═════ Input data
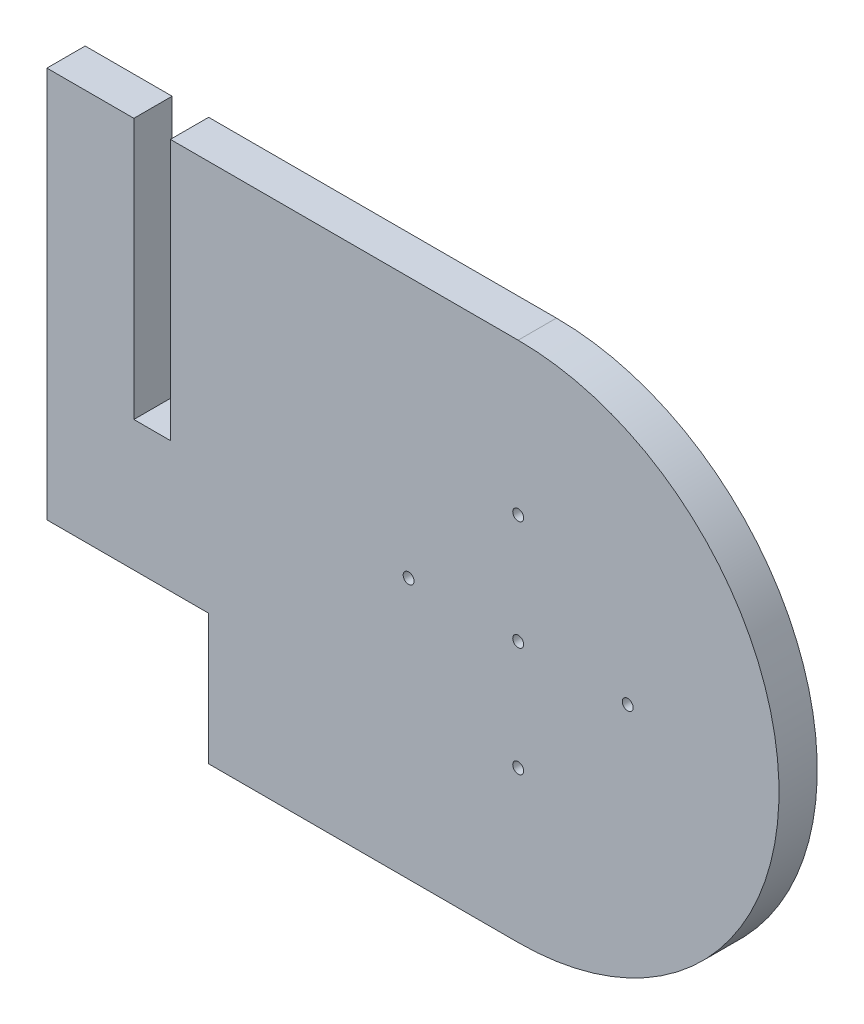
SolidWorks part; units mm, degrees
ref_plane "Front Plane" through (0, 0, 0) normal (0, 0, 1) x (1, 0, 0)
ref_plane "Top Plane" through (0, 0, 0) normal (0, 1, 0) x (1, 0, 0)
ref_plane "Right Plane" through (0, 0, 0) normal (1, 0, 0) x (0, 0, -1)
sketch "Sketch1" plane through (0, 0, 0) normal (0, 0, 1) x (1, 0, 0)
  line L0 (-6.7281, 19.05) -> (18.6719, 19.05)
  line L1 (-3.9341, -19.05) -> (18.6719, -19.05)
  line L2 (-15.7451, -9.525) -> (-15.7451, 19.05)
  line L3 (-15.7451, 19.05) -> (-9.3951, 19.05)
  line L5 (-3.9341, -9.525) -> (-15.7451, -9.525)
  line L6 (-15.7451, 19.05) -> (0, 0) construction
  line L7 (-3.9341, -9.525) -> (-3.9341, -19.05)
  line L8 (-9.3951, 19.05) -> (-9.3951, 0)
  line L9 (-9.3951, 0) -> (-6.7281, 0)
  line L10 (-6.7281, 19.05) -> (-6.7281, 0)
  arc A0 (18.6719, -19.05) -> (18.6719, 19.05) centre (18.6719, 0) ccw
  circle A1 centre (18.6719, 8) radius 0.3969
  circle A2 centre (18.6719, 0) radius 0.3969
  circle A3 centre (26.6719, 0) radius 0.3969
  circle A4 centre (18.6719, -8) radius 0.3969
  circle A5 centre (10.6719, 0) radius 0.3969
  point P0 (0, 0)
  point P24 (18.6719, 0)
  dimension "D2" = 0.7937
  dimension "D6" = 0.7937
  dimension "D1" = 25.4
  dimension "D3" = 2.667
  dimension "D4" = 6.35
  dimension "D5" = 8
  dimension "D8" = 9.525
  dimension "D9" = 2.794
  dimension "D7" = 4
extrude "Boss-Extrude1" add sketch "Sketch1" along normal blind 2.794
══════════
### Task item
Replicate the material above verbatim; images stay out of the copy.

### Answer space
SolidWorks part; units mm, degrees
ref_plane "Front Plane" through (0, 0, 0) normal (0, 0, 1) x (1, 0, 0)
ref_plane "Top Plane" through (0, 0, 0) normal (0, 1, 0) x (1, 0, 0)
ref_plane "Right Plane" through (0, 0, 0) normal (1, 0, 0) x (0, 0, -1)
sketch "Sketch1" plane through (0, 0, 0) normal (0, 0, 1) x (1, 0, 0)
  line L0 (-6.7281, 19.05) -> (18.6719, 19.05)
  line L1 (-3.9341, -19.05) -> (18.6719, -19.05)
  line L2 (-15.7451, -9.525) -> (-15.7451, 19.05)
  line L3 (-15.7451, 19.05) -> (-9.3951, 19.05)
  line L5 (-3.9341, -9.525) -> (-15.7451, -9.525)
  line L6 (-15.7451, 19.05) -> (0, 0) construction
  line L7 (-3.9341, -9.525) -> (-3.9341, -19.05)
  line L8 (-9.3951, 19.05) -> (-9.3951, 0)
  line L9 (-9.3951, 0) -> (-6.7281, 0)
  line L10 (-6.7281, 19.05) -> (-6.7281, 0)
  arc A0 (18.6719, -19.05) -> (18.6719, 19.05) centre (18.6719, 0) ccw
  circle A1 centre (18.6719, 8) radius 0.3969
  circle A2 centre (18.6719, 0) radius 0.3969
  circle A3 centre (26.6719, 0) radius 0.3969
  circle A4 centre (18.6719, -8) radius 0.3969
  circle A5 centre (10.6719, 0) radius 0.3969
  point P0 (0, 0)
  point P24 (18.6719, 0)
  dimension "D2" = 0.7937
  dimension "D6" = 0.7937
  dimension "D1" = 25.4
  dimension "D3" = 2.667
  dimension "D4" = 6.35
  dimension "D5" = 8
  dimension "D8" = 9.525
  dimension "D9" = 2.794
  dimension "D7" = 4
extrude "Boss-Extrude1" add sketch "Sketch1" along normal blind 2.794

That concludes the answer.